Data section: Begin
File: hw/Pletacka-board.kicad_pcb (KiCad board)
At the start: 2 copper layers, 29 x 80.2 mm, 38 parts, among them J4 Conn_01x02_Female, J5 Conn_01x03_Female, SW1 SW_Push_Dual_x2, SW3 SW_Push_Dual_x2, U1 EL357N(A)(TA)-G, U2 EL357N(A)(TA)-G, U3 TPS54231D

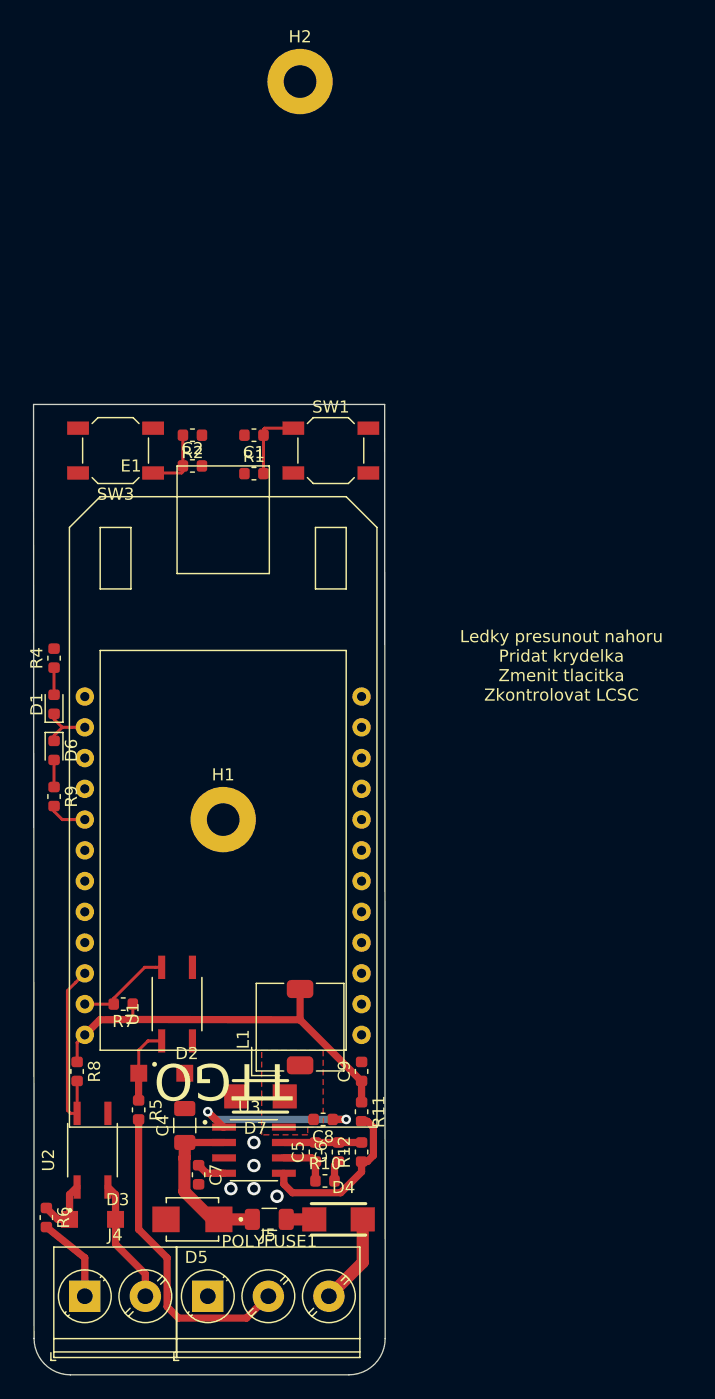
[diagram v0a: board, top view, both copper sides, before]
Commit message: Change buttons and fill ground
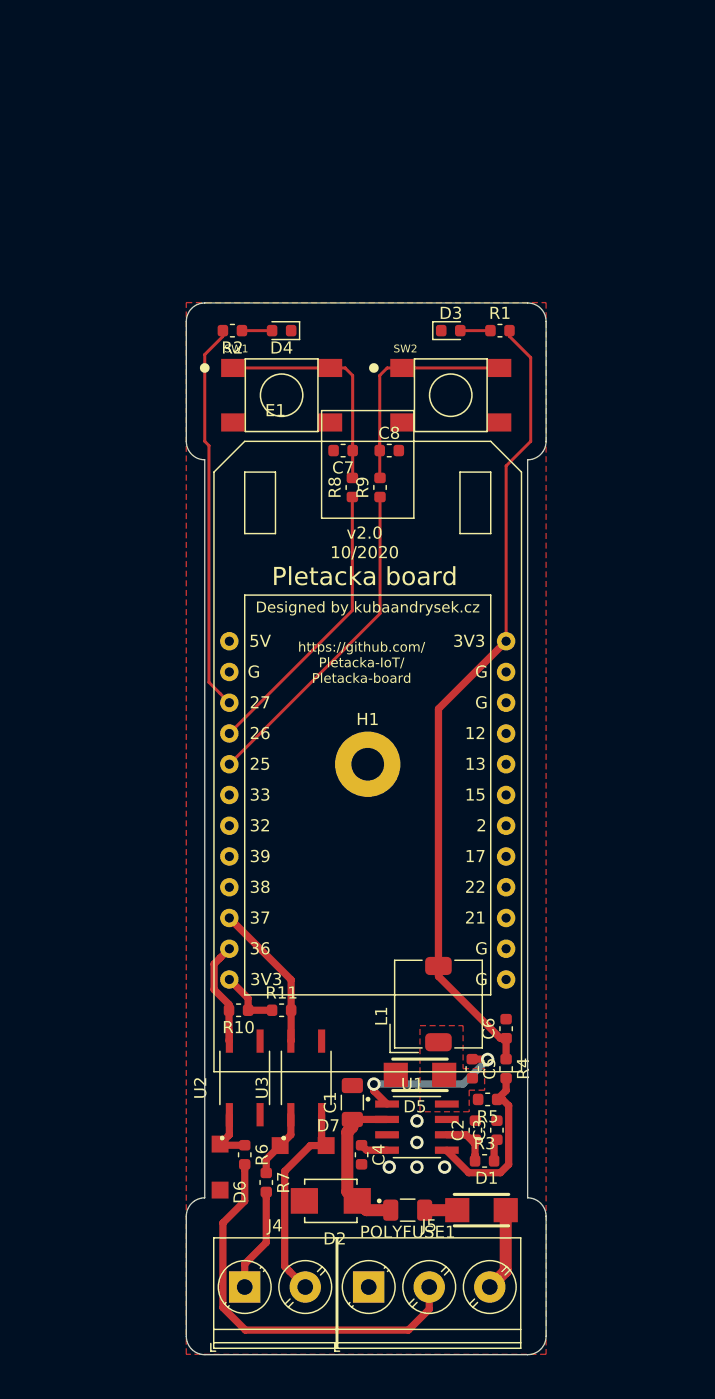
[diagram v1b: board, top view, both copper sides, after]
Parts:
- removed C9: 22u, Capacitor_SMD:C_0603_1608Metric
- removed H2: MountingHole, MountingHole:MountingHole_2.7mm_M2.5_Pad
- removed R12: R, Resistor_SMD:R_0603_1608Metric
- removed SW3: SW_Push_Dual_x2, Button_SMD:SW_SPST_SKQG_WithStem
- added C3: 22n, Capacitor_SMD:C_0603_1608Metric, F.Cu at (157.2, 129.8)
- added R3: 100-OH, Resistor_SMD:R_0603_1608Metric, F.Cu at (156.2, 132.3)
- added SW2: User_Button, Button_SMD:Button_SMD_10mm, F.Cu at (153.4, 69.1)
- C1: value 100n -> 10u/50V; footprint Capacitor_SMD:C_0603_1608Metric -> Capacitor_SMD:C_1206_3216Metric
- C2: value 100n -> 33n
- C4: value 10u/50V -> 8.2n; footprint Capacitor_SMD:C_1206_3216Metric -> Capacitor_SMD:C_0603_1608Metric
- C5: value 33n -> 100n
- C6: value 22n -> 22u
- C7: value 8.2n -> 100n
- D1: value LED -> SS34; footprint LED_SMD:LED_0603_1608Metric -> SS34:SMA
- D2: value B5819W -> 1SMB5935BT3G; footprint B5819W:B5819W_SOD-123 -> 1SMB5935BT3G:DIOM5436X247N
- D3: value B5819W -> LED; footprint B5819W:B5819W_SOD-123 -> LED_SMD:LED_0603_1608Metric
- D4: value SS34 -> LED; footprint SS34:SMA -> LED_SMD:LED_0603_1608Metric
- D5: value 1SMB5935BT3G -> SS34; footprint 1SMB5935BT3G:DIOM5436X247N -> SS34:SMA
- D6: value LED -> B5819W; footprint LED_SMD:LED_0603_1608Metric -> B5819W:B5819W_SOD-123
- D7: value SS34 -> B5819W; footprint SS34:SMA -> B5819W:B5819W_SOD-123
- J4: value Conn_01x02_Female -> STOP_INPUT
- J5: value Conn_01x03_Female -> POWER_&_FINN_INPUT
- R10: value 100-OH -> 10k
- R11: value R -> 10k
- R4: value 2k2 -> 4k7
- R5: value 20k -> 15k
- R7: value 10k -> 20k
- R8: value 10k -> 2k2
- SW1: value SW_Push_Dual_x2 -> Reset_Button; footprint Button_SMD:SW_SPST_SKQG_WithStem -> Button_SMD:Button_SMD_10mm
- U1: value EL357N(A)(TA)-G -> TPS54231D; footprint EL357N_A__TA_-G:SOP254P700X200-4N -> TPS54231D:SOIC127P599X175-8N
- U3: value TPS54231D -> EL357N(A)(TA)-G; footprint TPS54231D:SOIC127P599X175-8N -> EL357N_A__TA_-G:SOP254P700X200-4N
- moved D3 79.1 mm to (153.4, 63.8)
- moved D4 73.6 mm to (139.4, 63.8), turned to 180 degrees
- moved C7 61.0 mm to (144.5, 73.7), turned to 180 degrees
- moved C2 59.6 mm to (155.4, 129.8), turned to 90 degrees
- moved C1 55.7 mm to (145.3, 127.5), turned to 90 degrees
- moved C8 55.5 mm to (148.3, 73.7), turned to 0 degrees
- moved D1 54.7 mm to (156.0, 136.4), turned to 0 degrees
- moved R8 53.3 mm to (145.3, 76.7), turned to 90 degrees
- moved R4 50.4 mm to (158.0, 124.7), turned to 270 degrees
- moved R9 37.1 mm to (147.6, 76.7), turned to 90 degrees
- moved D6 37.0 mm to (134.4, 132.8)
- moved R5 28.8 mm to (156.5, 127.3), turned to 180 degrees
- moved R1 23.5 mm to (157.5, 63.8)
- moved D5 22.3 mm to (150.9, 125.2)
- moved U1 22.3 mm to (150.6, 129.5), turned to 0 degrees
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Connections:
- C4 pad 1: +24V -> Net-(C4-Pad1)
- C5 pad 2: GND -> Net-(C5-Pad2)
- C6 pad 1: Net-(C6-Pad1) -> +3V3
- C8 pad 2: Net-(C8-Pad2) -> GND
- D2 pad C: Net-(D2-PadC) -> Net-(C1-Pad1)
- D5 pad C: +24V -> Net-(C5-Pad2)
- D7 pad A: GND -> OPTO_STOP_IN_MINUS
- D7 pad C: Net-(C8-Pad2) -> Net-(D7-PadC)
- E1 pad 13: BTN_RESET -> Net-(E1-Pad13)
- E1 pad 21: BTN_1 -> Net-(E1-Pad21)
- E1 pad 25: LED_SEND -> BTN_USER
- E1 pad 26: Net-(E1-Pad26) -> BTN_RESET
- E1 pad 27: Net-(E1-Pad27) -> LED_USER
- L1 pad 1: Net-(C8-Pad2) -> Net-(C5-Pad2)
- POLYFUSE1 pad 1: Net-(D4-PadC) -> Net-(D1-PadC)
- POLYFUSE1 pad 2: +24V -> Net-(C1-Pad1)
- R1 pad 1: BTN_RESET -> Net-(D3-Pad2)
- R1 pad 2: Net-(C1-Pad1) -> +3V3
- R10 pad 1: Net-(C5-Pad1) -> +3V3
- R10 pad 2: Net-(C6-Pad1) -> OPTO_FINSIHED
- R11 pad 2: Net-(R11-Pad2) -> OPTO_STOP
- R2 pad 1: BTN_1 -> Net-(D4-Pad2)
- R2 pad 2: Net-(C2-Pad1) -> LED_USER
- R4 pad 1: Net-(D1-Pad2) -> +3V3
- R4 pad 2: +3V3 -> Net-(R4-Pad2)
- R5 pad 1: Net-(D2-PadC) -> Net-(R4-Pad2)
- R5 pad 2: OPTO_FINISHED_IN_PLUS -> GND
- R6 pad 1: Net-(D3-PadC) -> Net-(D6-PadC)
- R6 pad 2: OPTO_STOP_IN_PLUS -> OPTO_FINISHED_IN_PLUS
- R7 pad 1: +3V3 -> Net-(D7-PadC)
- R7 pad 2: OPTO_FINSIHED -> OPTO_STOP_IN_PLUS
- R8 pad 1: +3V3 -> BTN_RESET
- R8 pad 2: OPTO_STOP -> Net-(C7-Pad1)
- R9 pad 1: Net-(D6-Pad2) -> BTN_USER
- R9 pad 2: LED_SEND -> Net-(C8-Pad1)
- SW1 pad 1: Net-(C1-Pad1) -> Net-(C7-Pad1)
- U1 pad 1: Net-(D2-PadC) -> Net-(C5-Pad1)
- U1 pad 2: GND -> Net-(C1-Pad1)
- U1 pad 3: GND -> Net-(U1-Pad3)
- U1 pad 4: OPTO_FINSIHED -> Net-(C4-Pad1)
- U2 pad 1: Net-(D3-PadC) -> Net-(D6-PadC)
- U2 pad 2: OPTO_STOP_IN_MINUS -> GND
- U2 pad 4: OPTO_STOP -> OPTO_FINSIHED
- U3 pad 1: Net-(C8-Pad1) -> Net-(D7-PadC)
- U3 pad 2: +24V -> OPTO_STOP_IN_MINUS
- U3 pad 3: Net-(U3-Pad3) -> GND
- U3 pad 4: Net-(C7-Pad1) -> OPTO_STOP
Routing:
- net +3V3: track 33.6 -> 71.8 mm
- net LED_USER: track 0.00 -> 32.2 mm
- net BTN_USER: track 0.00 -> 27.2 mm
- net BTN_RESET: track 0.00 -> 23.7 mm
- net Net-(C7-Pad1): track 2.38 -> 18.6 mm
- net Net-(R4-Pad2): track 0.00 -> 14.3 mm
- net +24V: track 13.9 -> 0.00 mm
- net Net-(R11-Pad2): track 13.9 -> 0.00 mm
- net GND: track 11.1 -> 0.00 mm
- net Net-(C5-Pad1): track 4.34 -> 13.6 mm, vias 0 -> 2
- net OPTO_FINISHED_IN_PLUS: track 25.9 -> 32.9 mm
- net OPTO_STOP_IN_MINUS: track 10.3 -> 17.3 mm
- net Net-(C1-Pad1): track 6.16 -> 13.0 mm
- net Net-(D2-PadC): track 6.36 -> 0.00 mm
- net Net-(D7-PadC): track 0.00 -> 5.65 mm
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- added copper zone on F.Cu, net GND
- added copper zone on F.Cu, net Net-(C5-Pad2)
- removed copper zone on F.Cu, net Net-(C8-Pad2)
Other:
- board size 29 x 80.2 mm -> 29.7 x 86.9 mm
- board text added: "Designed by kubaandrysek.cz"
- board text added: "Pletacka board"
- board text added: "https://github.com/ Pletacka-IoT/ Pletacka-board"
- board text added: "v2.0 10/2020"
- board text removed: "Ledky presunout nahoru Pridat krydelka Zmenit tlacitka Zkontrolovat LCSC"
Data section: End
▶ **Task requirements**
Please transcribe only the lines in the records above running from the line that has "- POLYFUSE1 pad 1: Net-(D4-PadC)" through the line that has "- R11 pad 2: Net-(R11-Pad2) -> OPTO_STOP", both included, exactly as they appear.

▶ **Answer to the exercise**
- POLYFUSE1 pad 1: Net-(D4-PadC) -> Net-(D1-PadC)
- POLYFUSE1 pad 2: +24V -> Net-(C1-Pad1)
- R1 pad 1: BTN_RESET -> Net-(D3-Pad2)
- R1 pad 2: Net-(C1-Pad1) -> +3V3
- R10 pad 1: Net-(C5-Pad1) -> +3V3
- R10 pad 2: Net-(C6-Pad1) -> OPTO_FINSIHED
- R11 pad 2: Net-(R11-Pad2) -> OPTO_STOP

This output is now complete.